Yup. It's a Rebel in a PowerShot body, and it won't be all that much longer before all the Rebels have been merged into the EOS-M line, as well as the G-series PowerShots.

Look at all the specs, and the only meaningful thing any of the Rebels have that this doesn't is the viewfinder. And the only Rebel buyers who actually prefer the viewfinder are starving students and penny pinchers. Anybody who actually uses a viewfinder knows that the Rebel viewfinders are dollhouse coke bottles and would only use a Rebel if there wasn't any other option.

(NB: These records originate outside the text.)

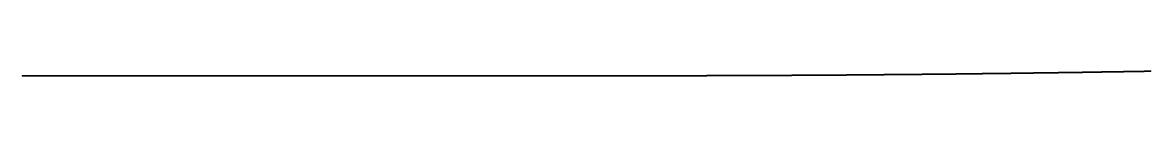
# Model space of a CAD drawing. Header units: metres. Extents: x 0 to 360, y -1 to 0.
# Drawn here: x 315 to 337.49, y -0.72 to -0.63 of the extents above; entities that cross this region are included whole.
import ezdxf

# ---------------------------------------------------------------- set-up
doc = ezdxf.new("R2010")
doc.units = ezdxf.units.M

msp = doc.modelspace()

# ---------------------------------------------------------------- linework, layer by layer
for p in [(334.445, -0.675), (334.455, -0.675), (334.465, -0.675), (334.475, -0.674), (334.485, -0.674), (334.495, -0.674), (334.505, -0.674), (334.515, -0.674), (334.525, -0.674), (334.535, -0.674), (334.545, -0.674), (334.555, -0.673), (334.565, -0.673), (334.575, -0.673), (334.585, -0.673), (334.595, -0.673), (334.605, -0.673), (334.615, -0.673), (334.625, -0.673), (334.635, -0.672), (334.645, -0.672), (334.655, -0.672), (334.665, -0.672), (334.675, -0.672), (334.685, -0.672), (334.695, -0.672), (334.705, -0.672), (334.715, -0.671), (334.725, -0.671), (334.735, -0.671), (334.745, -0.671), (334.755, -0.671), (334.765, -0.671), (334.775, -0.671), (334.785, -0.671), (334.795, -0.67), (334.805, -0.67), (334.815, -0.67), (334.825, -0.67), (334.835, -0.67), (334.845, -0.67), (334.855, -0.67), (334.865, -0.669), (334.875, -0.669), (334.885, -0.669), (334.895, -0.669), (334.905, -0.669), (334.915, -0.669), (334.925, -0.669), (334.935, -0.669), (334.945, -0.668), (334.955, -0.668), (334.965, -0.668), (334.975, -0.668), (334.985, -0.668), (334.994, -0.668), (335.004, -0.668), (335.014, -0.667), (335.024, -0.667), (335.034, -0.667), (335.044, -0.667), (335.054, -0.667), (335.064, -0.667), (335.074, -0.667), (335.084, -0.667), (335.094, -0.666), (335.104, -0.666), (335.114, -0.666), (335.124, -0.666), (335.134, -0.666), (335.144, -0.666), (335.154, -0.666), (335.164, -0.665), (335.174, -0.665), (335.184, -0.665), (335.194, -0.665), (335.204, -0.665), (335.214, -0.665), (335.224, -0.665), (335.234, -0.665), (335.244, -0.664), (335.254, -0.664), (335.264, -0.664), (335.274, -0.664), (335.284, -0.664), (335.294, -0.664), (335.304, -0.664), (335.314, -0.663), (335.324, -0.663), (335.334, -0.663), (335.344, -0.663), (335.354, -0.663), (335.364, -0.663), (335.374, -0.663), (335.384, -0.662), (335.394, -0.662), (335.404, -0.662), (335.414, -0.662), (335.424, -0.662), (335.434, -0.662), (335.444, -0.662), (335.454, -0.661), (335.464, -0.661), (335.474, -0.661), (335.484, -0.661), (335.494, -0.661), (335.504, -0.661), (335.514, -0.661), (335.524, -0.66), (335.534, -0.66), (335.544, -0.66), (335.554, -0.66), (335.564, -0.66), (335.574, -0.66), (335.584, -0.66), (335.594, -0.659), (335.604, -0.659), (335.614, -0.659), (335.624, -0.659), (335.634, -0.659), (335.644, -0.659), (335.654, -0.659), (335.664, -0.658), (335.674, -0.658), (335.684, -0.658), (335.694, -0.658), (335.704, -0.658), (335.714, -0.658), (335.724, -0.658), (335.734, -0.657), (335.744, -0.657), (335.754, -0.657), (335.764, -0.657), (335.774, -0.657), (335.784, -0.657), (335.794, -0.657), (335.804, -0.656), (335.814, -0.656), (335.824, -0.656), (335.834, -0.656), (335.844, -0.656), (335.854, -0.656), (335.864, -0.656), (335.874, -0.655), (335.884, -0.655), (335.894, -0.655), (335.904, -0.655), (335.914, -0.655), (335.924, -0.655), (335.934, -0.655), (335.944, -0.654), (335.954, -0.654), (335.964, -0.654), (335.974, -0.654), (335.984, -0.654), (335.994, -0.654), (336.004, -0.653), (336.014, -0.653), (336.024, -0.653), (336.034, -0.653), (336.044, -0.653), (336.054, -0.653), (336.064, -0.653), (336.074, -0.652), (336.084, -0.652), (336.094, -0.652), (336.104, -0.652), (336.114, -0.652), (336.124, -0.652), (336.134, -0.652), (336.144, -0.651), (336.154, -0.651), (336.164, -0.651), (336.174, -0.651), (336.184, -0.651), (336.194, -0.651), (336.204, -0.65), (336.214, -0.65), (336.224, -0.65), (336.234, -0.65), (336.244, -0.65), (336.254, -0.65), (336.264, -0.65), (336.274, -0.649), (336.284, -0.649), (336.294, -0.649), (336.304, -0.649), (336.314, -0.649), (336.324, -0.649), (336.334, -0.648), (336.344, -0.648), (336.354, -0.648), (336.364, -0.648), (336.374, -0.648), (336.384, -0.648), (336.394, -0.648), (336.404, -0.647), (336.414, -0.647), (336.424, -0.647), (336.434, -0.647), (336.444, -0.647), (336.454, -0.647), (336.464, -0.646), (336.474, -0.646), (336.484, -0.646), (336.494, -0.646), (336.504, -0.646), (336.514, -0.646), (336.524, -0.645), (336.534, -0.645), (336.544, -0.645), (336.554, -0.645), (336.564, -0.645), (336.574, -0.645), (336.584, -0.645), (336.594, -0.644), (336.604, -0.644), (336.614, -0.644), (336.624, -0.644), (336.634, -0.644), (336.644, -0.644), (336.654, -0.643), (336.664, -0.643), (336.674, -0.643), (336.684, -0.643), (336.694, -0.643), (336.704, -0.643), (336.714, -0.642), (336.723, -0.642), (336.733, -0.642), (336.743, -0.642), (336.753, -0.642), (336.763, -0.642), (336.773, -0.641), (336.783, -0.641), (336.793, -0.641), (336.803, -0.641), (336.813, -0.641), (336.823, -0.641), (336.833, -0.641), (336.843, -0.64), (336.853, -0.64), (336.863, -0.64), (336.873, -0.64), (336.883, -0.64), (336.893, -0.64), (336.903, -0.639), (336.913, -0.639), (336.923, -0.639), (336.933, -0.639), (336.943, -0.639), (336.953, -0.639), (336.963, -0.638), (336.973, -0.638), (336.983, -0.638), (336.993, -0.638), (337.003, -0.638), (337.013, -0.638), (337.023, -0.637), (337.033, -0.637), (337.043, -0.637), (337.053, -0.637), (337.063, -0.637), (337.073, -0.637), (337.083, -0.636), (337.093, -0.636), (337.103, -0.636), (337.113, -0.636), (337.123, -0.636), (337.133, -0.636), (337.143, -0.635), (337.153, -0.635), (337.163, -0.635), (337.173, -0.635), (337.183, -0.635), (337.193, -0.635), (337.203, -0.634), (337.213, -0.634), (337.223, -0.634), (337.233, -0.634), (337.243, -0.634), (337.253, -0.633), (337.263, -0.633), (337.273, -0.633), (337.283, -0.633), (337.293, -0.633), (337.303, -0.633), (337.313, -0.632), (337.323, -0.632), (337.333, -0.632), (337.343, -0.632), (337.353, -0.632), (337.363, -0.632), (337.373, -0.631), (337.383, -0.631), (337.393, -0.631), (337.403, -0.631), (337.413, -0.631), (337.423, -0.631), (337.433, -0.63), (337.443, -0.63), (337.453, -0.63), (337.463, -0.63), (337.473, -0.63), (337.483, -0.63), (337.493, -0.629), (314.997, -0.721), (315.007, -0.721), (315.017, -0.721), (315.027, -0.721), (315.037, -0.721), (315.047, -0.721), (315.057, -0.721), (315.067, -0.721), (315.077, -0.721), (315.087, -0.721), (315.097, -0.721), (315.107, -0.721), (315.117, -0.721), (315.127, -0.721), (315.137, -0.721), (315.147, -0.721), (315.157, -0.721), (315.167, -0.721), (315.177, -0.721), (315.187, -0.721), (315.197, -0.721), (315.207, -0.721), (315.217, -0.721), (315.227, -0.721), (315.237, -0.721), (315.247, -0.721), (315.257, -0.721), (315.267, -0.721), (315.277, -0.721), (315.287, -0.721), (315.297, -0.721), (315.307, -0.721), (315.317, -0.721), (315.327, -0.721), (315.337, -0.721), (315.347, -0.721), (315.357, -0.721), (315.367, -0.721), (315.377, -0.721), (315.387, -0.721), (315.397, -0.721), (315.407, -0.721), (315.417, -0.721), (315.427, -0.721), (315.437, -0.721), (315.447, -0.721), (315.457, -0.721), (315.467, -0.721), (315.477, -0.721), (315.487, -0.721), (315.497, -0.721), (315.507, -0.721), (315.517, -0.721), (315.527, -0.721), (315.537, -0.721), (315.547, -0.721), (315.557, -0.721), (315.567, -0.721), (315.577, -0.721), (315.587, -0.721), (315.597, -0.721), (315.607, -0.721), (315.617, -0.721), (315.627, -0.721), (315.637, -0.721), (315.647, -0.721), (315.657, -0.721), (315.667, -0.721), (315.677, -0.721), (315.687, -0.721), (315.697, -0.721), (315.707, -0.721), (315.717, -0.721), (315.727, -0.721), (315.737, -0.721), (315.747, -0.721), (315.757, -0.721), (315.767, -0.721), (315.777, -0.721), (315.787, -0.721), (315.797, -0.721), (315.807, -0.721), (315.817, -0.721), (315.827, -0.721), (315.837, -0.721), (315.847, -0.721), (315.857, -0.721), (315.867, -0.721), (315.877, -0.721), (315.887, -0.721), (315.897, -0.721), (315.907, -0.721), (315.917, -0.721), (315.927, -0.721), (315.937, -0.721), (315.947, -0.721), (315.957, -0.721), (315.967, -0.721), (315.977, -0.721), (315.987, -0.721), (315.997, -0.721), (316.007, -0.721), (316.017, -0.721), (316.027, -0.721), (316.037, -0.721), (316.047, -0.721), (316.057, -0.721), (316.067, -0.721), (316.077, -0.721), (316.087, -0.721), (316.097, -0.721), (316.107, -0.721), (316.117, -0.721), (316.127, -0.721), (316.137, -0.721), (316.147, -0.721), (316.157, -0.721), (316.167, -0.721), (316.177, -0.721), (316.187, -0.721), (316.197, -0.721), (316.207, -0.721), (316.217, -0.721), (316.227, -0.721), (316.237, -0.721), (316.247, -0.721), (316.257, -0.721), (316.267, -0.721), (316.277, -0.721), (316.287, -0.721), (316.297, -0.721), (316.307, -0.721), (316.317, -0.721), (316.327, -0.721), (316.337, -0.721), (316.347, -0.721), (316.357, -0.721), (316.367, -0.721), (316.377, -0.721), (316.387, -0.721), (316.397, -0.721), (316.407, -0.721), (316.417, -0.721), (316.427, -0.721), (316.437, -0.721), (316.447, -0.721), (316.457, -0.721), (316.467, -0.721), (316.477, -0.721), (316.487, -0.721), (316.497, -0.721), (316.507, -0.721), (316.517, -0.721), (316.527, -0.721), (316.537, -0.721), (316.547, -0.721), (316.557, -0.721), (316.567, -0.721), (316.577, -0.721), (316.587, -0.721), (316.597, -0.721), (316.607, -0.721), (316.617, -0.721), (316.627, -0.721), (316.637, -0.721), (316.647, -0.721), (316.657, -0.721), (316.667, -0.721), (316.677, -0.721), (316.687, -0.721), (316.697, -0.721), (316.707, -0.721), (316.717, -0.721), (316.727, -0.721), (316.737, -0.721), (316.747, -0.721), (316.757, -0.721), (316.767, -0.721), (316.777, -0.721), (316.787, -0.721), (316.797, -0.721), (316.807, -0.721), (316.817, -0.721), (316.827, -0.721), (316.837, -0.721), (316.847, -0.721), (316.857, -0.721), (316.867, -0.721), (316.877, -0.721), (316.887, -0.721), (316.897, -0.721), (316.907, -0.721), (316.917, -0.721), (316.927, -0.721), (316.937, -0.721), (316.947, -0.721), (316.957, -0.721), (316.967, -0.721), (316.977, -0.721), (316.987, -0.721), (316.997, -0.721), (317.007, -0.721), (317.017, -0.721), (317.027, -0.721), (317.037, -0.721), (317.047, -0.721), (317.057, -0.721), (317.067, -0.721), (317.077, -0.721), (317.087, -0.721), (317.097, -0.721), (317.107, -0.721), (317.117, -0.721), (317.127, -0.721), (317.137, -0.721), (317.147, -0.721), (317.157, -0.721), (317.167, -0.721), (317.177, -0.721), (317.187, -0.721), (317.197, -0.721), (317.207, -0.721), (317.217, -0.721), (317.227, -0.721), (317.237, -0.721), (317.247, -0.721), (317.257, -0.721), (317.267, -0.721), (317.277, -0.721), (317.287, -0.721), (317.297, -0.721), (317.307, -0.721), (317.317, -0.721), (317.327, -0.721), (317.337, -0.721), (317.347, -0.721), (317.357, -0.721), (317.367, -0.721), (317.377, -0.721), (317.387, -0.721), (317.397, -0.721), (317.407, -0.721), (317.417, -0.721), (317.427, -0.721), (317.437, -0.721), (317.447, -0.721), (317.457, -0.721), (317.467, -0.721), (317.477, -0.721), (317.487, -0.721), (317.497, -0.721), (317.507, -0.721), (317.517, -0.721), (317.527, -0.721), (317.537, -0.721), (317.547, -0.721), (317.557, -0.721), (317.567, -0.721), (317.577, -0.721), (317.587, -0.721), (317.597, -0.721), (317.607, -0.721), (317.617, -0.721), (317.627, -0.721), (317.637, -0.721), (317.647, -0.721), (317.657, -0.721), (317.667, -0.721), (317.677, -0.721), (317.687, -0.721), (317.697, -0.721), (317.707, -0.721), (317.717, -0.721), (317.727, -0.721), (317.737, -0.721), (317.747, -0.721), (317.757, -0.721), (317.767, -0.721), (317.777, -0.721), (317.787, -0.721), (317.797, -0.721), (317.807, -0.721), (317.817, -0.721), (317.827, -0.721), (317.837, -0.721), (317.847, -0.721), (317.857, -0.721), (317.867, -0.721), (317.877, -0.721), (317.887, -0.721), (317.897, -0.721), (317.907, -0.721), (317.917, -0.721), (317.927, -0.721), (317.937, -0.721), (317.947, -0.721), (317.957, -0.721), (317.967, -0.721), (317.977, -0.721), (317.987, -0.721), (317.997, -0.721), (318.007, -0.721), (318.017, -0.721), (318.027, -0.721), (318.037, -0.721), (318.047, -0.721), (318.057, -0.721), (318.067, -0.721), (318.077, -0.721), (318.087, -0.721), (318.097, -0.721), (318.107, -0.721), (318.117, -0.721), (318.127, -0.721), (318.137, -0.721), (318.147, -0.721), (318.157, -0.721), (318.167, -0.721), (318.177, -0.721), (318.187, -0.721), (318.197, -0.721), (318.207, -0.721), (318.217, -0.721), (318.227, -0.721), (318.237, -0.721), (318.247, -0.721), (318.257, -0.721), (318.267, -0.721), (318.277, -0.721), (318.287, -0.721), (318.297, -0.721), (318.307, -0.721), (318.317, -0.721), (318.327, -0.721), (318.337, -0.721), (318.347, -0.721), (318.357, -0.721), (318.367, -0.721), (318.377, -0.721), (318.387, -0.721), (318.397, -0.721), (318.407, -0.721), (318.417, -0.721), (318.427, -0.721), (318.437, -0.721), (318.447, -0.721), (318.457, -0.721), (318.467, -0.721), (318.477, -0.721), (318.487, -0.721), (318.497, -0.721), (318.507, -0.721), (318.517, -0.721), (318.527, -0.721), (318.537, -0.721), (318.547, -0.721), (318.557, -0.721), (318.567, -0.721), (318.577, -0.721), (318.587, -0.721), (318.597, -0.721), (318.607, -0.721), (318.617, -0.721), (318.627, -0.721), (318.637, -0.721), (318.647, -0.721), (318.657, -0.721), (318.667, -0.721), (318.677, -0.721), (318.687, -0.721), (318.697, -0.721), (318.707, -0.721), (318.717, -0.721), (318.727, -0.721), (318.737, -0.721), (318.747, -0.721), (318.757, -0.721), (318.767, -0.721), (318.777, -0.721), (318.787, -0.721), (318.797, -0.721), (318.807, -0.721), (318.817, -0.721), (318.827, -0.721), (318.837, -0.721), (318.847, -0.721), (318.857, -0.721), (318.867, -0.721), (318.877, -0.721), (318.887, -0.721), (318.897, -0.721), (318.907, -0.721), (318.917, -0.721), (318.927, -0.721), (318.937, -0.721), (318.947, -0.721), (318.957, -0.721), (318.967, -0.721), (318.977, -0.721), (318.987, -0.721), (318.997, -0.721), (319.007, -0.721), (319.017, -0.721), (319.027, -0.721), (319.037, -0.721), (319.047, -0.721), (319.057, -0.721), (319.067, -0.721), (319.077, -0.721), (319.087, -0.721), (319.097, -0.721), (319.107, -0.721), (319.117, -0.721), (319.127, -0.721), (319.137, -0.721), (319.147, -0.721), (319.157, -0.721), (319.167, -0.721), (319.177, -0.721), (319.187, -0.721), (319.197, -0.721), (319.207, -0.721), (319.217, -0.721), (319.227, -0.721), (319.237, -0.721), (319.247, -0.721), (319.257, -0.721), (319.267, -0.721), (319.277, -0.721), (319.287, -0.721), (319.297, -0.721), (319.307, -0.721), (319.317, -0.721), (319.327, -0.721), (319.337, -0.721), (319.347, -0.721), (319.357, -0.721), (319.367, -0.721), (319.377, -0.721), (319.387, -0.721), (319.397, -0.721), (319.407, -0.721), (319.417, -0.721), (319.427, -0.721), (319.437, -0.721), (319.447, -0.721), (319.457, -0.721), (319.467, -0.721), (319.477, -0.721), (319.487, -0.721), (319.497, -0.721), (319.507, -0.721), (319.517, -0.721), (319.527, -0.721), (319.537, -0.721), (319.547, -0.721), (319.557, -0.721), (319.567, -0.721), (319.577, -0.721), (319.587, -0.721), (319.597, -0.721), (319.607, -0.721), (319.617, -0.721), (319.627, -0.721), (319.637, -0.721), (319.647, -0.721), (319.657, -0.721), (319.667, -0.721), (319.677, -0.721), (319.687, -0.721), (319.697, -0.721), (319.707, -0.721), (319.717, -0.721), (319.727, -0.721), (319.737, -0.721), (319.747, -0.721), (319.757, -0.721), (319.767, -0.721), (319.777, -0.721), (319.787, -0.721), (319.797, -0.721), (319.807, -0.721), (319.817, -0.721), (319.827, -0.721), (319.837, -0.721), (319.847, -0.721), (319.857, -0.721), (319.867, -0.721), (319.877, -0.721), (319.887, -0.721), (319.897, -0.721), (319.907, -0.721), (319.917, -0.721), (319.927, -0.721), (319.937, -0.721), (319.947, -0.721), (319.957, -0.721), (319.967, -0.721), (319.977, -0.721), (319.987, -0.721), (319.997, -0.721), (320.007, -0.721), (320.017, -0.721), (320.027, -0.721), (320.037, -0.721), (320.047, -0.721), (320.057, -0.721), (320.067, -0.721), (320.077, -0.721), (320.087, -0.721), (320.097, -0.721), (320.107, -0.721), (320.117, -0.721), (320.127, -0.721), (320.137, -0.721), (320.147, -0.721), (320.157, -0.721), (320.167, -0.721), (320.177, -0.721), (320.187, -0.721), (320.197, -0.721), (320.207, -0.721), (320.217, -0.721), (320.227, -0.721), (320.237, -0.721), (320.247, -0.721), (320.257, -0.721), (320.267, -0.721), (320.277, -0.721), (320.287, -0.721), (320.297, -0.721), (320.307, -0.721), (320.317, -0.721), (320.327, -0.721), (320.337, -0.721), (320.347, -0.721), (320.357, -0.721), (320.367, -0.721), (320.377, -0.721), (320.387, -0.721), (320.397, -0.721), (320.407, -0.721), (320.417, -0.721), (320.427, -0.721), (320.437, -0.721), (320.447, -0.721), (320.457, -0.721), (320.467, -0.721), (320.477, -0.721), (320.487, -0.721), (320.497, -0.721), (320.507, -0.721), (320.517, -0.721), (320.527, -0.721), (320.537, -0.721), (320.547, -0.721), (320.557, -0.721), (320.567, -0.721), (320.577, -0.721), (320.587, -0.721), (320.597, -0.721), (320.607, -0.721), (320.617, -0.721), (320.627, -0.721), (320.637, -0.721), (320.647, -0.721), (320.657, -0.721), (320.667, -0.721), (320.677, -0.721), (320.687, -0.721), (320.697, -0.721), (320.707, -0.721), (320.717, -0.721), (320.727, -0.721), (320.737, -0.721), (320.747, -0.721), (320.757, -0.721), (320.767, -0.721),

Well, I suppose there's another thing you can get in some Rebels that this first EOS-M doesn't have: an articulating screen. But that'll come soon, I guarantee you....

Cheers,

b&


----------



## dstppy (Jul 23, 2012)

TrumpetPower! said:


> Yup. It's a Rebel in a PowerShot body, and it won't be all that much longer before all the Rebels have been merged into the EOS-M line, as well as the G-series PowerShots.
> 
> Look at all the specs, and the only meaningful thing any of the Rebels have that this doesn't is the viewfinder. And the only Rebel buyers who actually prefer the viewfinder are starving students and penny pinchers. Anybody who actually uses a viewfinder knows that the Rebel viewfinders are dollhouse coke bottles and would only use a Rebel if there wasn't any other option.
> 
> ...



An articulating screen on a compact? I suspect, mirrorless or not, that will have to be as big as a G-series . . . I doubt canon will ever get rid of all of the current-sized rebels; they'd be turning away at least some people that either want a camera that's easier to hold or people that want the look/feel of a 'pro' camera.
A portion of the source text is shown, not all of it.